> TASK: The response should be an exact copy of the records, with the pictures removed.

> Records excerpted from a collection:
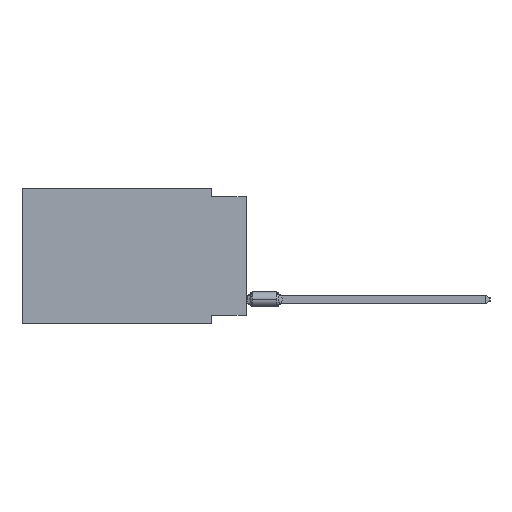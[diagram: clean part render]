
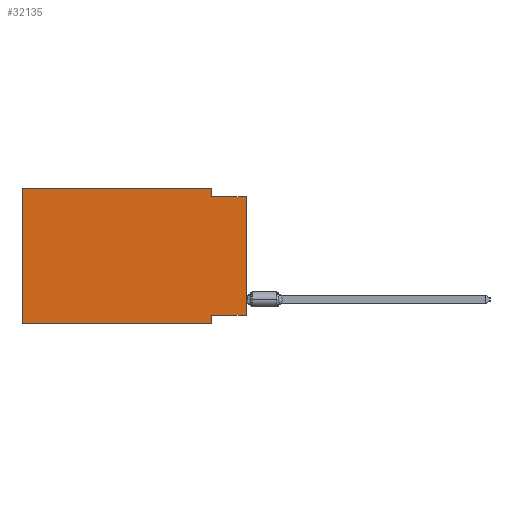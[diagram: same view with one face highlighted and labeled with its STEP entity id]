
A CAD part, left-side view. The second image highlights one B-rep face of the part: STEP entity #32135.
In plain terms, the highlighted planar face has unit normal (-1, 0, 0).
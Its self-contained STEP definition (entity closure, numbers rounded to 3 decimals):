
#252 = CARTESIAN_POINT ( 'NONE',  ( 0., 16.383, 0. ) ) ;
#347 = EDGE_CURVE ( 'NONE', #54596, #34758, #17054, .T. ) ;
#699 = VERTEX_POINT ( 'NONE', #42002 ) ;
#1097 = EDGE_CURVE ( 'NONE', #2648, #30946, #13027, .T. ) ;
#2110 = ORIENTED_EDGE ( 'NONE', *, *, #347, .F. ) ;
#2449 = EDGE_LOOP ( 'NONE', ( #19620, #27842, #57712, #60535, #3415, #53817, #41381, #2110 ) ) ;
#2571 = DIRECTION ( 'NONE',  ( 0., -1., 0. ) ) ;
#2648 = VERTEX_POINT ( 'NONE', #41700 ) ;
#3415 = ORIENTED_EDGE ( 'NONE', *, *, #13534, .F. ) ;
#3823 = DIRECTION ( 'NONE',  ( 0., 0., -1. ) ) ;
#5261 = DIRECTION ( 'NONE',  ( 0., 0., 1. ) ) ;
#5323 = EDGE_CURVE ( 'NONE', #46176, #31667, #22053, .T. ) ;
#5607 = EDGE_CURVE ( 'NONE', #34758, #699, #41839, .T. ) ;
#8563 = DIRECTION ( 'NONE',  ( 0., 0., -1. ) ) ;
#10530 = CARTESIAN_POINT ( 'NONE',  ( 0., 0., -0.635 ) ) ;
#13027 = LINE ( 'NONE', #22457, #60817 ) ;
#13534 = EDGE_CURVE ( 'NONE', #38821, #46176, #34768, .T. ) ;
#15656 = AXIS2_PLACEMENT_3D ( 'NONE', #17999, #18620, #8563 ) ;
#17054 = LINE ( 'NONE', #39986, #52688 ) ;
#17970 = CARTESIAN_POINT ( 'NONE',  ( 0., 2.54, -9.906 ) ) ;
#17999 = CARTESIAN_POINT ( 'NONE',  ( 0., 16.383, 0. ) ) ;
#18309 = PLANE ( 'NONE',  #15656 ) ;
#18620 = DIRECTION ( 'NONE',  ( 1., 0., 0. ) ) ;
#18966 = CARTESIAN_POINT ( 'NONE',  ( 0., 16.383, 0. ) ) ;
#19620 = ORIENTED_EDGE ( 'NONE', *, *, #46583, .T. ) ;
#20035 = DIRECTION ( 'NONE',  ( 0., 0., 1. ) ) ;
#22053 = LINE ( 'NONE', #32109, #48112 ) ;
#22457 = CARTESIAN_POINT ( 'NONE',  ( 0., 0., -0.635 ) ) ;
#24750 = CARTESIAN_POINT ( 'NONE',  ( 0., 0., 0. ) ) ;
#25944 = EDGE_CURVE ( 'NONE', #38821, #699, #32592, .T. ) ;
#27842 = ORIENTED_EDGE ( 'NONE', *, *, #1097, .F. ) ;
#27937 = DIRECTION ( 'NONE',  ( 0., 0., -1. ) ) ;
#30075 = VECTOR ( 'NONE', #3823, 1000. ) ;
#30946 = VERTEX_POINT ( 'NONE', #10530 ) ;
#31667 = VERTEX_POINT ( 'NONE', #56701 ) ;
#31752 = CARTESIAN_POINT ( 'NONE',  ( 0., 2.54, -9.271 ) ) ;
#32109 = CARTESIAN_POINT ( 'NONE',  ( 0., 16.383, 0. ) ) ;
#32135 = ADVANCED_FACE ( 'NONE', ( #46882 ), #18309, .F. ) ;
#32592 = LINE ( 'NONE', #41697, #52335 ) ;
#34695 = CARTESIAN_POINT ( 'NONE',  ( 0., 0., -9.271 ) ) ;
#34758 = VERTEX_POINT ( 'NONE', #31752 ) ;
#34768 = LINE ( 'NONE', #252, #38738 ) ;
#36220 = DIRECTION ( 'NONE',  ( 0., 1., 0. ) ) ;
#37222 = DIRECTION ( 'NONE',  ( 0., -1., 0. ) ) ;
#38738 = VECTOR ( 'NONE', #5261, 1000. ) ;
#38821 = VERTEX_POINT ( 'NONE', #44879 ) ;
#39986 = CARTESIAN_POINT ( 'NONE',  ( 0., 0., -9.271 ) ) ;
#41381 = ORIENTED_EDGE ( 'NONE', *, *, #5607, .F. ) ;
#41697 = CARTESIAN_POINT ( 'NONE',  ( 0., 16.383, -9.906 ) ) ;
#41700 = CARTESIAN_POINT ( 'NONE',  ( 0., 2.54, -0.635 ) ) ;
#41839 = LINE ( 'NONE', #17970, #30075 ) ;
#42002 = CARTESIAN_POINT ( 'NONE',  ( 0., 2.54, -9.906 ) ) ;
#42073 = CARTESIAN_POINT ( 'NONE',  ( 0., 2.54, 0. ) ) ;
#44879 = CARTESIAN_POINT ( 'NONE',  ( 0., 16.383, -9.906 ) ) ;
#46086 = DIRECTION ( 'NONE',  ( 0., -1., 0. ) ) ;
#46176 = VERTEX_POINT ( 'NONE', #18966 ) ;
#46419 = VECTOR ( 'NONE', #20035, 1000. ) ;
#46583 = EDGE_CURVE ( 'NONE', #54596, #30946, #52696, .T. ) ;
#46882 = FACE_OUTER_BOUND ( 'NONE', #2449, .T. ) ;
#48112 = VECTOR ( 'NONE', #2571, 1000. ) ;
#50253 = VECTOR ( 'NONE', #27937, 1000. ) ;
#52335 = VECTOR ( 'NONE', #46086, 1000. ) ;
#52688 = VECTOR ( 'NONE', #36220, 1000. ) ;
#52696 = LINE ( 'NONE', #24750, #46419 ) ;
#53817 = ORIENTED_EDGE ( 'NONE', *, *, #25944, .T. ) ;
#54596 = VERTEX_POINT ( 'NONE', #34695 ) ;
#55091 = EDGE_CURVE ( 'NONE', #31667, #2648, #56813, .T. ) ;
#56701 = CARTESIAN_POINT ( 'NONE',  ( 0., 2.54, 0. ) ) ;
#56813 = LINE ( 'NONE', #42073, #50253 ) ;
#57712 = ORIENTED_EDGE ( 'NONE', *, *, #55091, .F. ) ;
#60535 = ORIENTED_EDGE ( 'NONE', *, *, #5323, .F. ) ;
#60817 = VECTOR ( 'NONE', #37222, 1000. ) ;

> RESPONSE BOX:
[diagram: clean part render]
[diagram: same view with one face highlighted and labeled with its STEP entity id]
A CAD part, left-side view. The second image highlights one B-rep face of the part: STEP entity #32135.
In plain terms, the highlighted planar face has unit normal (-1, 0, 0).
Its self-contained STEP definition (entity closure, numbers rounded to 3 decimals):
#252 = CARTESIAN_POINT ( 'NONE',  ( 0., 16.383, 0. ) ) ;
#347 = EDGE_CURVE ( 'NONE', #54596, #34758, #17054, .T. ) ;
#699 = VERTEX_POINT ( 'NONE', #42002 ) ;
#1097 = EDGE_CURVE ( 'NONE', #2648, #30946, #13027, .T. ) ;
#2110 = ORIENTED_EDGE ( 'NONE', *, *, #347, .F. ) ;
#2449 = EDGE_LOOP ( 'NONE', ( #19620, #27842, #57712, #60535, #3415, #53817, #41381, #2110 ) ) ;
#2571 = DIRECTION ( 'NONE',  ( 0., -1., 0. ) ) ;
#2648 = VERTEX_POINT ( 'NONE', #41700 ) ;
#3415 = ORIENTED_EDGE ( 'NONE', *, *, #13534, .F. ) ;
#3823 = DIRECTION ( 'NONE',  ( 0., 0., -1. ) ) ;
#5261 = DIRECTION ( 'NONE',  ( 0., 0., 1. ) ) ;
#5323 = EDGE_CURVE ( 'NONE', #46176, #31667, #22053, .T. ) ;
#5607 = EDGE_CURVE ( 'NONE', #34758, #699, #41839, .T. ) ;
#8563 = DIRECTION ( 'NONE',  ( 0., 0., -1. ) ) ;
#10530 = CARTESIAN_POINT ( 'NONE',  ( 0., 0., -0.635 ) ) ;
#13027 = LINE ( 'NONE', #22457, #60817 ) ;
#13534 = EDGE_CURVE ( 'NONE', #38821, #46176, #34768, .T. ) ;
#15656 = AXIS2_PLACEMENT_3D ( 'NONE', #17999, #18620, #8563 ) ;
#17054 = LINE ( 'NONE', #39986, #52688 ) ;
#17970 = CARTESIAN_POINT ( 'NONE',  ( 0., 2.54, -9.906 ) ) ;
#17999 = CARTESIAN_POINT ( 'NONE',  ( 0., 16.383, 0. ) ) ;
#18309 = PLANE ( 'NONE',  #15656 ) ;
#18620 = DIRECTION ( 'NONE',  ( 1., 0., 0. ) ) ;
#18966 = CARTESIAN_POINT ( 'NONE',  ( 0., 16.383, 0. ) ) ;
#19620 = ORIENTED_EDGE ( 'NONE', *, *, #46583, .T. ) ;
#20035 = DIRECTION ( 'NONE',  ( 0., 0., 1. ) ) ;
#22053 = LINE ( 'NONE', #32109, #48112 ) ;
#22457 = CARTESIAN_POINT ( 'NONE',  ( 0., 0., -0.635 ) ) ;
#24750 = CARTESIAN_POINT ( 'NONE',  ( 0., 0., 0. ) ) ;
#25944 = EDGE_CURVE ( 'NONE', #38821, #699, #32592, .T. ) ;
#27842 = ORIENTED_EDGE ( 'NONE', *, *, #1097, .F. ) ;
#27937 = DIRECTION ( 'NONE',  ( 0., 0., -1. ) ) ;
#30075 = VECTOR ( 'NONE', #3823, 1000. ) ;
#30946 = VERTEX_POINT ( 'NONE', #10530 ) ;
#31667 = VERTEX_POINT ( 'NONE', #56701 ) ;
#31752 = CARTESIAN_POINT ( 'NONE',  ( 0., 2.54, -9.271 ) ) ;
#32109 = CARTESIAN_POINT ( 'NONE',  ( 0., 16.383, 0. ) ) ;
#32135 = ADVANCED_FACE ( 'NONE', ( #46882 ), #18309, .F. ) ;
#32592 = LINE ( 'NONE', #41697, #52335 ) ;
#34695 = CARTESIAN_POINT ( 'NONE',  ( 0., 0., -9.271 ) ) ;
#34758 = VERTEX_POINT ( 'NONE', #31752 ) ;
#34768 = LINE ( 'NONE', #252, #38738 ) ;
#36220 = DIRECTION ( 'NONE',  ( 0., 1., 0. ) ) ;
#37222 = DIRECTION ( 'NONE',  ( 0., -1., 0. ) ) ;
#38738 = VECTOR ( 'NONE', #5261, 1000. ) ;
#38821 = VERTEX_POINT ( 'NONE', #44879 ) ;
#39986 = CARTESIAN_POINT ( 'NONE',  ( 0., 0., -9.271 ) ) ;
#41381 = ORIENTED_EDGE ( 'NONE', *, *, #5607, .F. ) ;
#41697 = CARTESIAN_POINT ( 'NONE',  ( 0., 16.383, -9.906 ) ) ;
#41700 = CARTESIAN_POINT ( 'NONE',  ( 0., 2.54, -0.635 ) ) ;
#41839 = LINE ( 'NONE', #17970, #30075 ) ;
#42002 = CARTESIAN_POINT ( 'NONE',  ( 0., 2.54, -9.906 ) ) ;
#42073 = CARTESIAN_POINT ( 'NONE',  ( 0., 2.54, 0. ) ) ;
#44879 = CARTESIAN_POINT ( 'NONE',  ( 0., 16.383, -9.906 ) ) ;
#46086 = DIRECTION ( 'NONE',  ( 0., -1., 0. ) ) ;
#46176 = VERTEX_POINT ( 'NONE', #18966 ) ;
#46419 = VECTOR ( 'NONE', #20035, 1000. ) ;
#46583 = EDGE_CURVE ( 'NONE', #54596, #30946, #52696, .T. ) ;
#46882 = FACE_OUTER_BOUND ( 'NONE', #2449, .T. ) ;
#48112 = VECTOR ( 'NONE', #2571, 1000. ) ;
#50253 = VECTOR ( 'NONE', #27937, 1000. ) ;
#52335 = VECTOR ( 'NONE', #46086, 1000. ) ;
#52688 = VECTOR ( 'NONE', #36220, 1000. ) ;
#52696 = LINE ( 'NONE', #24750, #46419 ) ;
#53817 = ORIENTED_EDGE ( 'NONE', *, *, #25944, .T. ) ;
#54596 = VERTEX_POINT ( 'NONE', #34695 ) ;
#55091 = EDGE_CURVE ( 'NONE', #31667, #2648, #56813, .T. ) ;
#56701 = CARTESIAN_POINT ( 'NONE',  ( 0., 2.54, 0. ) ) ;
#56813 = LINE ( 'NONE', #42073, #50253 ) ;
#57712 = ORIENTED_EDGE ( 'NONE', *, *, #55091, .F. ) ;
#60535 = ORIENTED_EDGE ( 'NONE', *, *, #5323, .F. ) ;
#60817 = VECTOR ( 'NONE', #37222, 1000. ) ;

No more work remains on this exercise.